* DATA FOR PROCESSING *
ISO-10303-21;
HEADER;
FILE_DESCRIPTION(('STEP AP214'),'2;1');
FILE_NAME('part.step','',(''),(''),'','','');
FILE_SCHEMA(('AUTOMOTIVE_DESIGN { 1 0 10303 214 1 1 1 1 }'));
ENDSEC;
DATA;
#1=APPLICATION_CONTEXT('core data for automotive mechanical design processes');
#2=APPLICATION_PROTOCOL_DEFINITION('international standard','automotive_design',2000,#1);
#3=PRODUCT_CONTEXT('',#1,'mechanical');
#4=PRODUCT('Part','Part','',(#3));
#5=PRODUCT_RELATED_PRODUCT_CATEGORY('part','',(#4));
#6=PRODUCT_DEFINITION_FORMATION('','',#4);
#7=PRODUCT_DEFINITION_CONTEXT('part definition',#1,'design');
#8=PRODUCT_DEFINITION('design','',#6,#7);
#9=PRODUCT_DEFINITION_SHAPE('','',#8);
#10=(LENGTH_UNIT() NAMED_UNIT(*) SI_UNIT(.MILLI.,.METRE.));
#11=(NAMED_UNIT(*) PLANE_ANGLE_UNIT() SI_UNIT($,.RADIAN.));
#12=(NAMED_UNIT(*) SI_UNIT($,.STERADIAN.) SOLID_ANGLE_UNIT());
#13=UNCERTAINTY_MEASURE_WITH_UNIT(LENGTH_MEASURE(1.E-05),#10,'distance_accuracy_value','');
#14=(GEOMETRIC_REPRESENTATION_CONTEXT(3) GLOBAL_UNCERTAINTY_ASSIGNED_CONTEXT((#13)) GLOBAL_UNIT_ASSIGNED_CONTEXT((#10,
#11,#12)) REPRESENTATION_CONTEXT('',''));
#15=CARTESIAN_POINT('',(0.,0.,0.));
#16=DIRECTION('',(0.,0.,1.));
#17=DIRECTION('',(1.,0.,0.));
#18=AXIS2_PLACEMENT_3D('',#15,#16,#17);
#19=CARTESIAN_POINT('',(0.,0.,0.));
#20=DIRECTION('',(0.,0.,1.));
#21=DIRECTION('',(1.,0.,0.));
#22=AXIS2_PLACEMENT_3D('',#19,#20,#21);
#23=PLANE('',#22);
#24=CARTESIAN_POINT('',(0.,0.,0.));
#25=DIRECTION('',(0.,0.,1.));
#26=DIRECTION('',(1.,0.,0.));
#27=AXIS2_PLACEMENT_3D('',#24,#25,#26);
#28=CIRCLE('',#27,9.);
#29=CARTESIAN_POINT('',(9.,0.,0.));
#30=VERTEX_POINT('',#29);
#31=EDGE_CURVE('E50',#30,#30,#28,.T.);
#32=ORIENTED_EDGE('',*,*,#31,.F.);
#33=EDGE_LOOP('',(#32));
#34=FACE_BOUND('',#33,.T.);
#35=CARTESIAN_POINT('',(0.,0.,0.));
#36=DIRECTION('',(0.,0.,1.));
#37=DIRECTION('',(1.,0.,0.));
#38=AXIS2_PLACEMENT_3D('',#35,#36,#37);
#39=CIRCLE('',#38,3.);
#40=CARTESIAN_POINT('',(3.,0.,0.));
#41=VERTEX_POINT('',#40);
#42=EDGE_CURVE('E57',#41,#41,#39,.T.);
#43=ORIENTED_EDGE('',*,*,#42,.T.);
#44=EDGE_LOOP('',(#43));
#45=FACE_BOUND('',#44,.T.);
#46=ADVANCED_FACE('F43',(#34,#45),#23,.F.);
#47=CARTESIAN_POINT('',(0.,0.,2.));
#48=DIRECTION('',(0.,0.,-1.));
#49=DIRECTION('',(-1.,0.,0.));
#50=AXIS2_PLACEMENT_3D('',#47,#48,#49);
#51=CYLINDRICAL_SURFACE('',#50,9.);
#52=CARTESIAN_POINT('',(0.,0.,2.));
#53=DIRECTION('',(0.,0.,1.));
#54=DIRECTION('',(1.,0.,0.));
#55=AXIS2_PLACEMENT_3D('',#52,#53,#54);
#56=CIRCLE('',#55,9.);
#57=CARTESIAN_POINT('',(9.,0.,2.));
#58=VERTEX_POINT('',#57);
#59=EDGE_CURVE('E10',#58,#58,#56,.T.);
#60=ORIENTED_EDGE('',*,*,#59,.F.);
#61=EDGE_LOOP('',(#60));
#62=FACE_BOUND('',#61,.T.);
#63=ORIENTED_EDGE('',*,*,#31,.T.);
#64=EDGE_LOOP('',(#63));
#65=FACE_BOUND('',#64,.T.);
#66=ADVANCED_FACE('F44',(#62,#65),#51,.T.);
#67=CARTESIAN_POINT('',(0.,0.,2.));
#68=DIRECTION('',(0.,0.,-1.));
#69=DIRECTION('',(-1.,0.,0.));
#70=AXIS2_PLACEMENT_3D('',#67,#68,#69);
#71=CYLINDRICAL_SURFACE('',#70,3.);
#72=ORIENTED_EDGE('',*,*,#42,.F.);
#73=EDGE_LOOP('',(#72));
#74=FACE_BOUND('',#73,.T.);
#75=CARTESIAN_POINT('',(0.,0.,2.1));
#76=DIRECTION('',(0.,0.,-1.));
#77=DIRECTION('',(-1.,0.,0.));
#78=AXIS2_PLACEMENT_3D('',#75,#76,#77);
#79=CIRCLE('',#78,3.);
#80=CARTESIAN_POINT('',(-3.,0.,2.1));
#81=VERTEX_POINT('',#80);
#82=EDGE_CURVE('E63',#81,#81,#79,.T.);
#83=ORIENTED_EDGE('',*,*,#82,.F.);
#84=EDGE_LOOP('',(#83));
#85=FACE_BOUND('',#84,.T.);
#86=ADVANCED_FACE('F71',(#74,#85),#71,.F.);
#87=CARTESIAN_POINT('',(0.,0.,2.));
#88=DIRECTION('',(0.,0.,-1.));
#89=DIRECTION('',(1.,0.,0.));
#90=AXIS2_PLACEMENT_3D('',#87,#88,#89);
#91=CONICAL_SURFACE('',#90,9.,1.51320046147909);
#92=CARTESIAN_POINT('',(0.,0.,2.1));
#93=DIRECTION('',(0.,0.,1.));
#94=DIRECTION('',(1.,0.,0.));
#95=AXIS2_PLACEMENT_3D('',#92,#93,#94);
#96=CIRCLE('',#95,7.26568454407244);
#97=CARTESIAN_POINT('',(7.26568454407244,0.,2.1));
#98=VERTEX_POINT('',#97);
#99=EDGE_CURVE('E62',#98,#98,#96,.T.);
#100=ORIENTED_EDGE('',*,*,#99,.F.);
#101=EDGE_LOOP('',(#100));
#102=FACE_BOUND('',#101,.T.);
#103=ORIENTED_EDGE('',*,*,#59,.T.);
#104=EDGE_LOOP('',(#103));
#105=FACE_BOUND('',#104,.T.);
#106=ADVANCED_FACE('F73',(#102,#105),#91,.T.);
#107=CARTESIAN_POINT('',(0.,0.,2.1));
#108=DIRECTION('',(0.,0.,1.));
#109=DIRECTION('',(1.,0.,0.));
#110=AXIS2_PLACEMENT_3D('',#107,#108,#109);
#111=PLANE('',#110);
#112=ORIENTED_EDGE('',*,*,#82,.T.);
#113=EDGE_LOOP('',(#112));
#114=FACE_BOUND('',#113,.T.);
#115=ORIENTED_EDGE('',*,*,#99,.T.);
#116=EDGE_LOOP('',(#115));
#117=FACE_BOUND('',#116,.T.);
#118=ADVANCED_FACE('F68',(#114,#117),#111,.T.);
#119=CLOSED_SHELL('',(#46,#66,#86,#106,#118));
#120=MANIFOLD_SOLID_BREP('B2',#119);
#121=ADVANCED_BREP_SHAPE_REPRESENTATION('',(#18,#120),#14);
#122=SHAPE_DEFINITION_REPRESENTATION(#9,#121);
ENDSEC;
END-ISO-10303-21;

* ASSIGNED TASK *
Only lines holding the word "CIRCLE" are wanted, so copy each of them from the records above.

* EXERCISE SOLUTION *
#28=CIRCLE('',#27,9.);
#39=CIRCLE('',#38,3.);
#56=CIRCLE('',#55,9.);
#79=CIRCLE('',#78,3.);
#96=CIRCLE('',#95,7.26568454407244);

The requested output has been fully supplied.